Excerpted data:
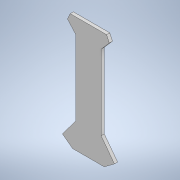
# Autodesk Inventor part: support_board_2
Saved by Autodesk Inventor 2020 (Build 240168000, 168)
## iProperties
Created: 2019-05-15
Part Number: support_board_2
Material: Generic
Document SubType Name: Modeling
Designer: psrob
Density: 1 g/cm^3
Appearance: Default
Author: psrob
Autodesk Inventor part; units mm, degrees
ref_plane "YZ Plane" through (0, 0, 0) normal (1, 0, 0) x (0, 1, 0)
ref_plane "XZ Plane" through (0, 0, 0) normal (0, 1, 0) x (-1, 0, 0)
ref_plane "XY Plane" through (0, 0, 0) normal (0, 0, 1) x (1, 0, 0)
sketch "Sketch1" plane through (0, 0, 0) normal (0, 0, 1) x (1, 0, 0)
  line L0 (39.9999, -8) -> (40, 85.1166) projected
  line L1 (40, 85.1166) -> (32.5, 95.1166) projected
  line L2 (32.5, 95.1166) -> (7.5, 95.1166) projected
  line L3 (7.5, 95.1166) -> (0, 85.1166) projected
  line L4 (0, 85.1166) -> (0, -8) projected
  line L5 (0, -8) -> (3.5294, -12) projected
  line L6 (3.5294, -12) -> (36.4705, -12) projected
  line L7 (36.4705, -12) -> (39.9999, -8) projected
  line L8 (25, -40) -> (28, -37) projected
  line L9 (28, -21.6) -> (28, -37) projected
  line L10 (39.9999, -8) -> (28, -21.6) projected
  line L11 (39.9999, 0) -> (39.9999, -8) projected
  line L12 (39.9999, 0) -> (20, 0) projected
  line L13 (20, 0) -> (20, -40) projected
  line L14 (25, -40) -> (20, -40) projected
  line L15 (18.0108, 135.1166) -> (18.0108, -64.8834)
  line L16 (15, -40) -> (12, -37) projected
  line L17 (15, -40) -> (20, -40) projected
  line L18 (20, 0) -> (20, -40) projected
  line L19 (0, 0) -> (20, 0) projected
  line L20 (0, 0) -> (0, -8) projected
  line L21 (0, -8) -> (12, -21.6) projected
  line L22 (12, -21.6) -> (12, -37) projected
  line L23 (40, -94.8834) -> (30, -84.8834) projected
  line L24 (40, -94.8834) -> (40, -84.8834) projected
  line L25 (25, -64.8834) -> (40, -84.8834) projected
  line L26 (25, -64.8834) -> (25, -54.8834) projected
  line L27 (25, -54.8834) -> (20, -54.8834) projected
  line L28 (20, -84.8834) -> (20, -54.8834) projected
  line L29 (30, -84.8834) -> (20, -84.8834) projected
  line L30 (0, -94.8834) -> (10, -84.8834) projected
  line L31 (10, -84.8834) -> (20, -84.8834) projected
  line L32 (20, -84.8834) -> (20, -54.8834) projected
  line L33 (15, -54.8834) -> (20, -54.8834) projected
  line L34 (15, -64.8834) -> (15, -54.8834) projected
  line L35 (15, -64.8834) -> (0, -84.8834) projected
  line L36 (0, -94.8834) -> (0, -84.8834) projected
  line L37 (30, -84.8834) -> (36.4, -80.0834)
  line L38 (10, -84.8834) -> (3.6, -80.0834)
  line L39 (15, -54.8834) -> (12, -37)
  line L40 (25, -54.8834) -> (28, -37)
  constraints: 10 end point, 2 perpendicular, 2 point on line, 1 vertical, 2 other
extrude "Extrusion1" add sketch "Sketch1" along normal blind 2 contours L10 L9 L8 L14 L13 L6 | L13 L17 L15 L6 | L15 L17 L16 L22 L21 L6 | L14 L8 L40 L27 L33 L15 L17 | L15 L33 L39 L16 L17 | L26 L25 L37 L29 L28 L27 | L33 L28 L31 L38 L35 L34
chamfer "Chamfer1" distance 5 angle 45 2 edges at (3.5294, -12, 1) (36.4705, -12, 1)
sketch "Sketch2" plane through (0, 0, 2) normal (0, 0, 1) x (1, 0, 0)
  line L0 (31.4705, -12) -> (33.1624, -15.7492) projected
  line L1 (31.4705, -12) -> (8.5294, -12) projected
  line L2 (6.8375, -15.7492) -> (8.5294, -12) projected
  line L3 (6.8375, -15.7492) -> (12, -21.6) projected
  line L4 (12, -21.6) -> (12, -37) projected
  line L5 (12, -37) -> (15, -54.8834) projected
  line L6 (15, -54.8834) -> (15, -64.8834) projected
  line L7 (15, -64.8834) -> (3.6, -80.0834) projected
  line L8 (3.6, -80.0834) -> (10, -84.8834) projected
  line L9 (10, -84.8834) -> (30, -84.8834) projected
  line L10 (30, -84.8834) -> (36.4, -80.0834) projected
  line L11 (36.4, -80.0834) -> (25, -64.8834) projected
  line L12 (25, -64.8834) -> (25, -54.8834) projected
  line L13 (25, -54.8834) -> (28, -37) projected
  line L14 (28, -37) -> (28, -21.6) projected
  line L15 (28, -21.6) -> (33.1624, -15.7492) projected
  line L16 (12, -37) -> (12, -68.8835)
  line L17 (15, -64.8834) -> (3.6, -80.0834) projected
  line L18 (25, -54.8834) -> (28, -37) projected
  line L19 (28, -37) -> (28, -68.8834)
  line L20 (36.4, -80.0834) -> (25, -64.8834) projected
  point P0 (0, 0)
  constraints: 4 end point, 2 point on line, 1 parallel, 1 vertical
extrude "Extrusion2" add sketch "Sketch2" against normal blind 2 contours L19 L11 L12 L13 | L5 L6 L7 L16
body "Solid1"

Activity: Find out how many lines above hold "constraints". Write only the number.

Solution to the problem: 2